An example job script is in slurm-mpi.job

Accounting

The jobs and their resources usage is stored in a database that is used for the fair share part of the scheduler. You can view your account's jobs with the command sacct. With no parameters,only today's jobs are shown, to view all jobs since May 1st, use the command sacct -S 2014-05-01 . To view jobs from other accounts as well, use the --allusers option.

Local Disk Space

Each node has a local directory /scratch with up to 1TB of space. It is cleared automatically at the end of the job.

I/O nodes

Most of the pax10 and pax11 machines have external 1GB/s Ethernet connections to the storage. To allow faster storage access, four machines each in the pax10 and pax11 partitions are equipped with 10GB/s Ethernet instead. To access them, you'll have to request the 10g feature in Slurm: --constraint=10g*1. That way, the first process, the one executing the job scripts, will run on one of the machines with faster connectivity. All pax12 machines have 10GB/s Ethernet as well.

Partitions and backfilling

The cluster consists of four separate partitions: broadwell (default, alias pax), rome, haswell and sandybridge.

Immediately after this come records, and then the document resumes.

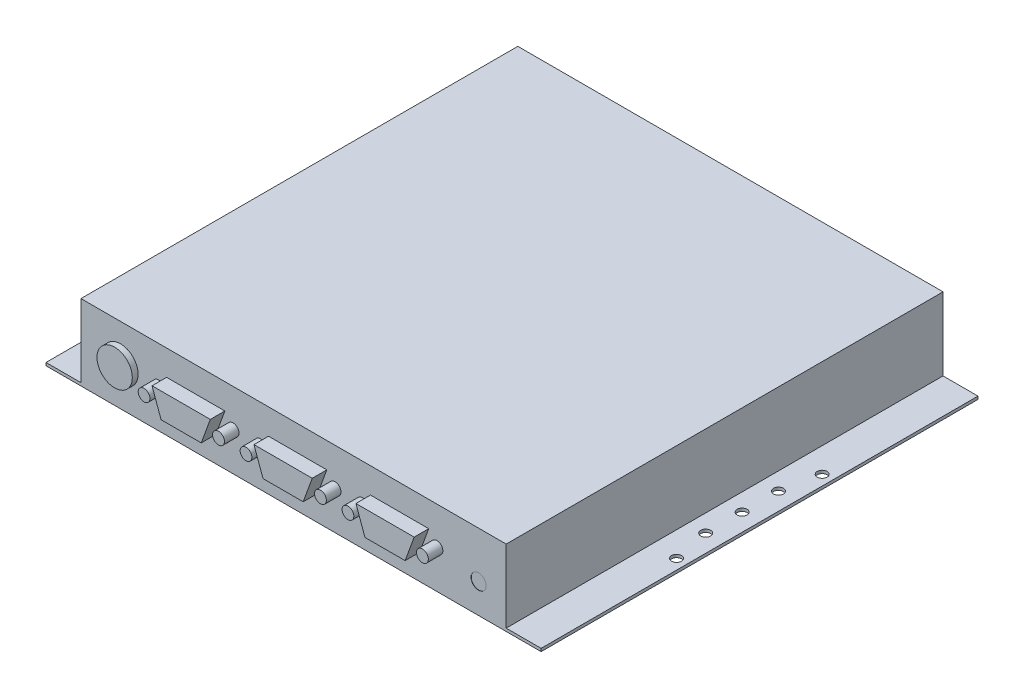
from build123d import *

# Parameters (mm, degrees)
SKETCH_1_W             = 146
SKETCH_1_H             = 150
EXTRUDE_1_DEPTH        = 26
SKETCH_2_W             = 170
SKETCH_2_H             = 150
EXTRUDE_2_DEPTH        = 1
HOLE_WIZARD_M3_1_D     = 3.4
SKETCH_5_R             = 6.063811431
EXTRUDE_3_DEPTH        = 2
SKETCH_6_R             = 2.017692423
SKETCH_6_R_2           = 2.03992662
EXTRUDE_4_DEPTH        = 5
PATTERN_LINEAR_1_COUNT = 3
PATTERN_LINEAR_1_PITCH = 35
SKETCH_7_R             = 2.600130351
CUT_EXTRUDE_1_DEPTH    = 0.1
SKETCH_8_W             = 14.672164123
SKETCH_8_H             = 4.828813509
SKETCH_8_W_2           = 14.114993332
SKETCH_8_H_2           = 5.014537105
SKETCH_8_W_3           = 16.157952894
SKETCH_8_H_3           = 14.114993333
CUT_EXTRUDE_2_DEPTH    = 0.1
SKETCH_9_R             = 1.296267094
SKETCH_9_W             = 20.070729893
SKETCH_9_H             = 2.548664114
EXTRUDE_5_DEPTH        = 0.1


with BuildPart() as part:
    # 草图1 → 凸台-拉伸1 (new body)
    with BuildSketch(Plane(origin=(0, 0, 0), x_dir=(1, 0, 0), z_dir=(0, 1, 0))):
        Rectangle(SKETCH_1_W, SKETCH_1_H)
    extrude(amount=EXTRUDE_1_DEPTH)

    # 草图2 → 凸台-拉伸2 (add)
    with BuildSketch(Plane.XZ):
        Rectangle(SKETCH_2_W, SKETCH_2_H)
    extrude(amount=-EXTRUDE_2_DEPTH)

    # M3 间隙孔1 (through all)
    with Locations(Plane(origin=(0, 1, 0), x_dir=(1, 0, 0), z_dir=(0, 1, 0))):
        with Locations((-81.5, 25), (-81.5, -25), (81.5, 25), (81.5, -25), (-79, 12.5), (-79, 0), (-79, -12.5), (79, -12.5), (79, 0), (79, 12.5)):
            Hole(HOLE_WIZARD_M3_1_D / 2)

    # 草图5 → 凸台-拉伸3 (add)
    with BuildSketch(Plane.XY.offset(75)):
        with Locations(Location((-59.431550874, 13.278585395, 0), (0, 0, 180))):
            Circle(SKETCH_5_R)
    extrude(amount=EXTRUDE_3_DEPTH)

    # 草图6 → 凸台-拉伸4 (add)
    with BuildSketch(Plane.XY.offset(75)):
        with Locations(Location((-46.32884835, 13.11494848, 0), (0, 0, 180))):
            Circle(SKETCH_6_R)
        with Locations(Location((-20.769548413, 13.11494848, 0), (0, 0, 180))):
            Circle(SKETCH_6_R_2)
        Polygon((-43.590070032, 17.274031542), (-23.590070032, 17.274031542), (-26.696119877, 8.72468841), (-40.484020187, 8.72468841), align=None)
    extrude_4 = extrude(amount=EXTRUDE_4_DEPTH)

    # 阵列(线性)1: 凸台-拉伸4 ×3
    with Locations(*[(i * PATTERN_LINEAR_1_PITCH, 0, 0) for i in range(1, PATTERN_LINEAR_1_COUNT)]):
        add(extrude_4)

    # 草图7 → 切除-拉伸1 (cut)
    with BuildSketch(Plane.XY.offset(75)):
        with Locations((63.517469997, 10.121284255)):
            Circle(SKETCH_7_R)
    extrude(amount=-CUT_EXTRUDE_1_DEPTH, mode=Mode.SUBTRACT)

    # 草图8 → 切除-拉伸2 (cut)
    with BuildSketch(Plane(origin=(0, 0, -75), x_dir=(-1, 0, 0), z_dir=(0, 0, -1))):
        Polygon((2.600130351, 20.521805658), (-4.085919123, 17.995663664), (-4.085919123, 7.154283691), (2.600130351, 4.921023553), align=None)
        with Locations((18.293774254, 18.107398904)):
            Rectangle(SKETCH_8_W, SKETCH_8_H)
        with Locations((36.9589957, 18.107398904)):
            Rectangle(SKETCH_8_W_2, SKETCH_8_H)
        with Locations((18.293774254, 8.914080878)):
            Rectangle(SKETCH_8_W, SKETCH_8_H_2)
        with Locations((36.9589957, 8.914080878)):
            Rectangle(SKETCH_8_W_2, SKETCH_8_H_2)
        with Locations((58.967241883, 13.464308992)):
            Rectangle(SKETCH_8_W_3, SKETCH_8_H_3)
    extrude(amount=-CUT_EXTRUDE_2_DEPTH, mode=Mode.SUBTRACT)

    # 草图9 → 凸台-拉伸5 (add)
    with BuildSketch(Plane(origin=(0, 0, -75), x_dir=(-1, 0, 0), z_dir=(0, 0, -1))):
        with Locations(Location((-64.611587391, 7.936618922, 0), (0, 0, 180))):
            Circle(SKETCH_9_R)
        with Locations((-45.443509371, 8.149007598)):
            Rectangle(SKETCH_9_W, SKETCH_9_H)
    extrude(amount=EXTRUDE_5_DEPTH)


solid = part.part

Jobs can run on only one type of node. The special partition backfill is used for filling up otherwise empty nodes. Jobs running there are automatically terminated by slurm if another job on the main partition needs the nodes.

SL7 changes

As the versions and paths of the MPI implementations have changed, programs are not compatible between SL6 and SL7. You should rebuild your application on SL7, but you could also try singularity.

The 'module' command was replaced by a different, more powerful implementation called lmod. It doesn't list all available modules, instead it supports dependent modules, e.g. the MPI implementations build with 'gnu7' are shown after module add gnu7.

Running EL6 software using Singularity

It is possible to run software built on EL6 in a Singularity container. This works with mvapich2 binaries by calling singularity in the batch script like this:

mpiexec singularity exec /project/singularity/images/SL6.img yourbinary

However, Mvapich2 2.2 isn't optimized yet for Singularity, so this is slower than running native programs.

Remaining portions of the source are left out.